- Church: Catholic Church
- In office: 1 July 1989 – 8 October 2002
- Predecessor: Michele Cecchini
- Successor: Giorgio Zur
- Other post: Titular Archbishop of Tiburnia (1978-2006)
- Previous posts: Permanent Observer to United Nations Office and Specialized Agencies in Vienna (1990-1994) Apostolic Pro-Nuncio to Gabon, Cameroon & Equatorial Guinea (1981-1989) Apostolic Nuncio to Burundi (1978-1981)

Orders
- Ordination: 12 April 1952
- Consecration: 26 November 1978 by Franz König

Personal details
- Born: 24 April 1927 Altamura, Province of Bari, Kingdom of Italy
- Died: 5 March 2006 (aged 78) Rome, Italy

= Donato Squicciarini =

Italian Catholic archbishop

Donato Squicciarini (24 April 1927 – 5 March 2006) was an Italian Catholic archbishop who acted as Nuncio to Austria from 1989 to 2002.

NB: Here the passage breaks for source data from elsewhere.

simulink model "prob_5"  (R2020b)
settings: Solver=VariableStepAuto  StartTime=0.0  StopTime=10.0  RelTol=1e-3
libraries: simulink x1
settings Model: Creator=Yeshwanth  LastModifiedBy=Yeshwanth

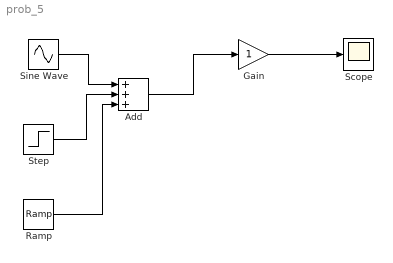
== system prob_5 ==
  Add : Sum  Inputs=+++
  Gain : Gain
  Ramp : simulink/Sources/Ramp  slope=1  start=0  InitialOutput=0
  Scope : Scope
  Sine Wave : Sin  SampleTime=0
  Step : Step  SampleTime=0
  wires:
  Gain/1 -> Scope/1
  Sine Wave/1 -> Add/1
  Step/1 -> Add/2
  Add/1 -> Gain/1
  Ramp/1 -> Add/3

Squicciarini was born in Altamura, Apulia, Kingdom of Italy, on 24 April 1927 under the Fascist regime of Benito Mussolini. He was ordained priest 12 April 1952, and ordained bishop and titular Archbishop of Tiburnia 26 Nov 1978. He was Apostolic Pro-Nuncio to Gabon, Cameroun, and Equatorial Guinea from 1981 till 1989, and Apostolic Nuncio to Austria from 1 July 1989 until retirement on 8 October 2002.

He was involved in a controversy about an Order of Pius IX conferred on Kurt Waldheim. Donato Squicciarini received the Austrian Decoration of Honor in 2000. He died in Rome on 5 March 2006. Squicciarini's funeral was held at St. Peter's Basilica in Vatican City on 7 March 2006. The Funeral Mass was presided over by Cardinal Angelo Sodano, then the Vatican Secretary of State, who delivered the homily.